Stored dataset items

■ ■ ■ ■ ■

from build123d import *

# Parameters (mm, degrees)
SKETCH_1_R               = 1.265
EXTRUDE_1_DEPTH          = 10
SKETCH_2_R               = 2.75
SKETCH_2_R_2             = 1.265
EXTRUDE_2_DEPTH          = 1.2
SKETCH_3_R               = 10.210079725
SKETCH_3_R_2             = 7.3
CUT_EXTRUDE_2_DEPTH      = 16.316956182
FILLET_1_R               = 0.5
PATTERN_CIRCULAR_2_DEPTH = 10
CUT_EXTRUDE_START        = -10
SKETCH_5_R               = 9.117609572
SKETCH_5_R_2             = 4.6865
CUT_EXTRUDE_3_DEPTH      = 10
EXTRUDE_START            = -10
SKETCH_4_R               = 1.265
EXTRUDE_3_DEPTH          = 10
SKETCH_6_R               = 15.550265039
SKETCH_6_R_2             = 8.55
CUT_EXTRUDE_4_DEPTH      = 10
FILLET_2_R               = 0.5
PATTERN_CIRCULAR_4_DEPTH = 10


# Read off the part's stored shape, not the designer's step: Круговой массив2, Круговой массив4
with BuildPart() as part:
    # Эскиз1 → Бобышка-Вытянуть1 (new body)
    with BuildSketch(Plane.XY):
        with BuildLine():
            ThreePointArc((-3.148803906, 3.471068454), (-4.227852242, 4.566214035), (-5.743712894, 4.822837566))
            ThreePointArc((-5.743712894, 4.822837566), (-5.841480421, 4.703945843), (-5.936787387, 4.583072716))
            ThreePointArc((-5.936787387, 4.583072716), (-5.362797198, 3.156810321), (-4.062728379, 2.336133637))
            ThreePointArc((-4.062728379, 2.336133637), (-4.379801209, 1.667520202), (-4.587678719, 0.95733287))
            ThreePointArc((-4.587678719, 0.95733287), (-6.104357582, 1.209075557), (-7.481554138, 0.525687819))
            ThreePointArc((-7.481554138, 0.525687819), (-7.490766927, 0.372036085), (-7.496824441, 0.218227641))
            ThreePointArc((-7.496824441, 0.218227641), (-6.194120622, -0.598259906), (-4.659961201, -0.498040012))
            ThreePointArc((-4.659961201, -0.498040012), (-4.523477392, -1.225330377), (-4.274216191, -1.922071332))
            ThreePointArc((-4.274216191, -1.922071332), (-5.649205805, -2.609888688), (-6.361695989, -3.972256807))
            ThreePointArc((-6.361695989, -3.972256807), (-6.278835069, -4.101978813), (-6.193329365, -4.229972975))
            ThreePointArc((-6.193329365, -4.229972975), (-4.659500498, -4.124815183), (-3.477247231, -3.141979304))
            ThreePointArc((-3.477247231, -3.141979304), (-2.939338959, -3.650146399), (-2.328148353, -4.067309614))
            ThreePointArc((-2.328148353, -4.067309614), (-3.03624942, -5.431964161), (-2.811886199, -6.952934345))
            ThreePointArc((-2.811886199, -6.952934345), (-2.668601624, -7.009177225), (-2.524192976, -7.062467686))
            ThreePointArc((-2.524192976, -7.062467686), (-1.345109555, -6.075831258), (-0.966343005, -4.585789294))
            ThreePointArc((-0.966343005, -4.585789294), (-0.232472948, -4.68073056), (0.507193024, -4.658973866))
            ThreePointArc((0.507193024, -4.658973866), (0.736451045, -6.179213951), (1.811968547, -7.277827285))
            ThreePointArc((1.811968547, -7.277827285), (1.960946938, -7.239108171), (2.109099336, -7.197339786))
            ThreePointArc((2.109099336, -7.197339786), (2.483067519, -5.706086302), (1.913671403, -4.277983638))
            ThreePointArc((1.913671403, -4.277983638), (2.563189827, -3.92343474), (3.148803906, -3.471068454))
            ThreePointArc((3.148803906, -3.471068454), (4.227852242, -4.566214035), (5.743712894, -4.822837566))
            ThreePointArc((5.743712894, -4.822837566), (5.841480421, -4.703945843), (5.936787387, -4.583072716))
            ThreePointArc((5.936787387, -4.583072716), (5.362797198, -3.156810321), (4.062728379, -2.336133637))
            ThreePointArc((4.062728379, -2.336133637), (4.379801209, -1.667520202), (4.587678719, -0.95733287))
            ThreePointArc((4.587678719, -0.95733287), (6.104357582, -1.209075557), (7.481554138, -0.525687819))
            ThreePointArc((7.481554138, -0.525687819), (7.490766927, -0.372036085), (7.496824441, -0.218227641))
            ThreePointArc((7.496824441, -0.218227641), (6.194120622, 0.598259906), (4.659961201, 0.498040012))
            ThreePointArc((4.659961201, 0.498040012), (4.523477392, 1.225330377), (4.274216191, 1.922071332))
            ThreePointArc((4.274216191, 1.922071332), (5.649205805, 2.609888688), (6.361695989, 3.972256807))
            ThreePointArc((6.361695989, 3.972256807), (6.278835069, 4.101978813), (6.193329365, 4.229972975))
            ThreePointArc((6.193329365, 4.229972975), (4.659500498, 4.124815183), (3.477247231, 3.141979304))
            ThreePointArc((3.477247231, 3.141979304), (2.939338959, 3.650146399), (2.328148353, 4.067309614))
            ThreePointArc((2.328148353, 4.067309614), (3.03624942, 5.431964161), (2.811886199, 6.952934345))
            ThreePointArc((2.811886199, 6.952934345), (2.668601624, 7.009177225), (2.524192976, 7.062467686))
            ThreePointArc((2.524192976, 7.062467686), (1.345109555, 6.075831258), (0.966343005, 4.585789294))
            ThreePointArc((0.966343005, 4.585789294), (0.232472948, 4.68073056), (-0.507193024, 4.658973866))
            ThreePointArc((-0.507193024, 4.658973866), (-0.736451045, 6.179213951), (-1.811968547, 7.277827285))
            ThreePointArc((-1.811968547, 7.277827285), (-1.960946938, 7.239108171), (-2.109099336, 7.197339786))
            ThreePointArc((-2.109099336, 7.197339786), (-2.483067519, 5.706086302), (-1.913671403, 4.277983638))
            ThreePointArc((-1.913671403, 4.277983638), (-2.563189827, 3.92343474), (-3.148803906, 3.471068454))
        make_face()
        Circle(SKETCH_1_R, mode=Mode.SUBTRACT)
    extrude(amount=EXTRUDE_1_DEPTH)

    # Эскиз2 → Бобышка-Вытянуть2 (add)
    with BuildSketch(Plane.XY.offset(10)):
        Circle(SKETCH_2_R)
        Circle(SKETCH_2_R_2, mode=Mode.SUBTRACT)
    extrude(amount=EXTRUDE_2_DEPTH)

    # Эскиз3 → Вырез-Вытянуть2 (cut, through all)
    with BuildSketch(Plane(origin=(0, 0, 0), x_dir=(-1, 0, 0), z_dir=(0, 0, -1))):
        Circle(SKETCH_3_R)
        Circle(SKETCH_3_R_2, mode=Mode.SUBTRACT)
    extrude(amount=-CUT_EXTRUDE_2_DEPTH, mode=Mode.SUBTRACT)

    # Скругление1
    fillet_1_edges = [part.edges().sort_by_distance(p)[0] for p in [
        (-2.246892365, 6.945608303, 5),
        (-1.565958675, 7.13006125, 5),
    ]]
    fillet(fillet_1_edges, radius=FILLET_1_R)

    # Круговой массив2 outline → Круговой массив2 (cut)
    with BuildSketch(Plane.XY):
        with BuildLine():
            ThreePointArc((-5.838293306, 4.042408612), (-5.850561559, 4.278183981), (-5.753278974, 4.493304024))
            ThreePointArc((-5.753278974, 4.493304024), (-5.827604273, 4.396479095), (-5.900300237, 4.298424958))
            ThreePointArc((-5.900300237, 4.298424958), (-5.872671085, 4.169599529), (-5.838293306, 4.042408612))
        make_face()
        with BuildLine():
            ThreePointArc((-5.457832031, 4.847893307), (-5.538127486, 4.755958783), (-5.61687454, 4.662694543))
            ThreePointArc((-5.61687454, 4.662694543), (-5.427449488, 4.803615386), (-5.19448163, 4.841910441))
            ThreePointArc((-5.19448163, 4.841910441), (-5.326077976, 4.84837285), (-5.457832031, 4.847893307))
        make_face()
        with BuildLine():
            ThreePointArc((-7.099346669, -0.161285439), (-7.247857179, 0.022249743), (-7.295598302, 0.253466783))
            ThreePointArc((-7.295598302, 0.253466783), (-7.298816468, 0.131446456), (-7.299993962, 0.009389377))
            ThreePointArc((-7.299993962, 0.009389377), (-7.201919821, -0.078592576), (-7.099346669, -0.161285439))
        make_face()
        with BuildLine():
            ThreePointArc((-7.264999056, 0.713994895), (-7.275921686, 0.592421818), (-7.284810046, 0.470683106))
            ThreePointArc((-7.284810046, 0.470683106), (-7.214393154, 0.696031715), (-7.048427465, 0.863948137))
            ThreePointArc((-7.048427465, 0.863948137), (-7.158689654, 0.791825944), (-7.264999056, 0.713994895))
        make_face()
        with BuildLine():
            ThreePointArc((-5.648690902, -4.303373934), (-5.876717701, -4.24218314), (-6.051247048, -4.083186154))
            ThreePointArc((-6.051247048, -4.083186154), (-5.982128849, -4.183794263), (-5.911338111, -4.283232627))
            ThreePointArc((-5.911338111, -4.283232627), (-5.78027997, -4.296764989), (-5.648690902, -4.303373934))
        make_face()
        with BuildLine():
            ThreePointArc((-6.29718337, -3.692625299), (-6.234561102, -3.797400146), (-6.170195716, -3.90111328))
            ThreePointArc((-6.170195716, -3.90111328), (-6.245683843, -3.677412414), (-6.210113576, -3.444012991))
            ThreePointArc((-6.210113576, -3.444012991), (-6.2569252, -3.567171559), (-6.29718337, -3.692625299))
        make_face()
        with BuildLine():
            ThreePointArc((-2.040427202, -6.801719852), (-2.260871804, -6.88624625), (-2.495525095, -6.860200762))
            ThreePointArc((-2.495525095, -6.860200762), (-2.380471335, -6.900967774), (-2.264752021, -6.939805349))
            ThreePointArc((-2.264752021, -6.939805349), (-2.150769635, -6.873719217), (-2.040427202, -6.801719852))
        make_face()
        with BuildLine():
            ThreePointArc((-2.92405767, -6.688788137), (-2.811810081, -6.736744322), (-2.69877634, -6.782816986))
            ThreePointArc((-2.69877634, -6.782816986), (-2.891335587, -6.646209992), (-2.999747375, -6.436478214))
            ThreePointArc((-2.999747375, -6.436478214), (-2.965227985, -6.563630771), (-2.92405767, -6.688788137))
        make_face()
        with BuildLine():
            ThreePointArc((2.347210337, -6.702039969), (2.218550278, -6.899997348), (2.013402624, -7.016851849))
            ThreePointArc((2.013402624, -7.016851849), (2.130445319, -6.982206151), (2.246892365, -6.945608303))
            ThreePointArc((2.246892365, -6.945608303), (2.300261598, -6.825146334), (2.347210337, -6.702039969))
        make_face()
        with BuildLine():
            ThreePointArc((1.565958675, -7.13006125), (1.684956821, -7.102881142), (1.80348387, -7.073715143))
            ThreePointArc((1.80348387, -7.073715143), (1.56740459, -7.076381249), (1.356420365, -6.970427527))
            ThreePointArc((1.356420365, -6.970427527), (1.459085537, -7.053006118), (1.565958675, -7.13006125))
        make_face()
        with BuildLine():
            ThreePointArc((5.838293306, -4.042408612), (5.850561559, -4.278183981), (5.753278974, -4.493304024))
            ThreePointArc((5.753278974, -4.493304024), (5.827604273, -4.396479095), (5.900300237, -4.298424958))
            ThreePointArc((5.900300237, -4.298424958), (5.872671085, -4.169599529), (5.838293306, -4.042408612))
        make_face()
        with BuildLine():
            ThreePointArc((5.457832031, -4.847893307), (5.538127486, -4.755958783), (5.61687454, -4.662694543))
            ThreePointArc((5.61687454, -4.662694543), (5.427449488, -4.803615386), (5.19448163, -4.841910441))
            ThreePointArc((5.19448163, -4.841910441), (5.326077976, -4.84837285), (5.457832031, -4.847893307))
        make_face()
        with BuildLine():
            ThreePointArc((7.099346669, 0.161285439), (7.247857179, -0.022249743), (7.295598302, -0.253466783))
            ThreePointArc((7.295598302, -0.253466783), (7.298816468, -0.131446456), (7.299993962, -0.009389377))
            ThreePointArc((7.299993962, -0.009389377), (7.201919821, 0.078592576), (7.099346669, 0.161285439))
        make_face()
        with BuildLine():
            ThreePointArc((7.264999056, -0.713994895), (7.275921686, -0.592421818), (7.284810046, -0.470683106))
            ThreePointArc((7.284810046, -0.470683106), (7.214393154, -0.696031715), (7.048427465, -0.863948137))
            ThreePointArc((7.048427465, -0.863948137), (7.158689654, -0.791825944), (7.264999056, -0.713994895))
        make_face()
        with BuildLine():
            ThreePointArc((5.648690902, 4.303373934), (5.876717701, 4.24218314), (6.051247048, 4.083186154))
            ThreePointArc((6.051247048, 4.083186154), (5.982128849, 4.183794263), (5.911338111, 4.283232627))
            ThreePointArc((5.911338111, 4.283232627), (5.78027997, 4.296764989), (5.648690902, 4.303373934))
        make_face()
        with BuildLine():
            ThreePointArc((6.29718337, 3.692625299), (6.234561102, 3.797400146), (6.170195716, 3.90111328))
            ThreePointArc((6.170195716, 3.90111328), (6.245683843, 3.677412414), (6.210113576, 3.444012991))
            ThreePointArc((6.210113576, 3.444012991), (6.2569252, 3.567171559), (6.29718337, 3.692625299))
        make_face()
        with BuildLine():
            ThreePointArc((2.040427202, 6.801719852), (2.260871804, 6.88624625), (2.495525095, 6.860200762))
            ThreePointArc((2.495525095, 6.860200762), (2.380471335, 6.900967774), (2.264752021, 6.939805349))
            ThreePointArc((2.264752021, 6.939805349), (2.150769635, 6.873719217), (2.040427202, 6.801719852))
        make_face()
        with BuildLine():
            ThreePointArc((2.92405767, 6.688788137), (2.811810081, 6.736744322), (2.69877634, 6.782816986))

■ ■ ■ ■ ■

[Exercise details]
Please find how many lines of the entries above include the string "Круговой", giving the number and nothing else.

[Output of the task]
2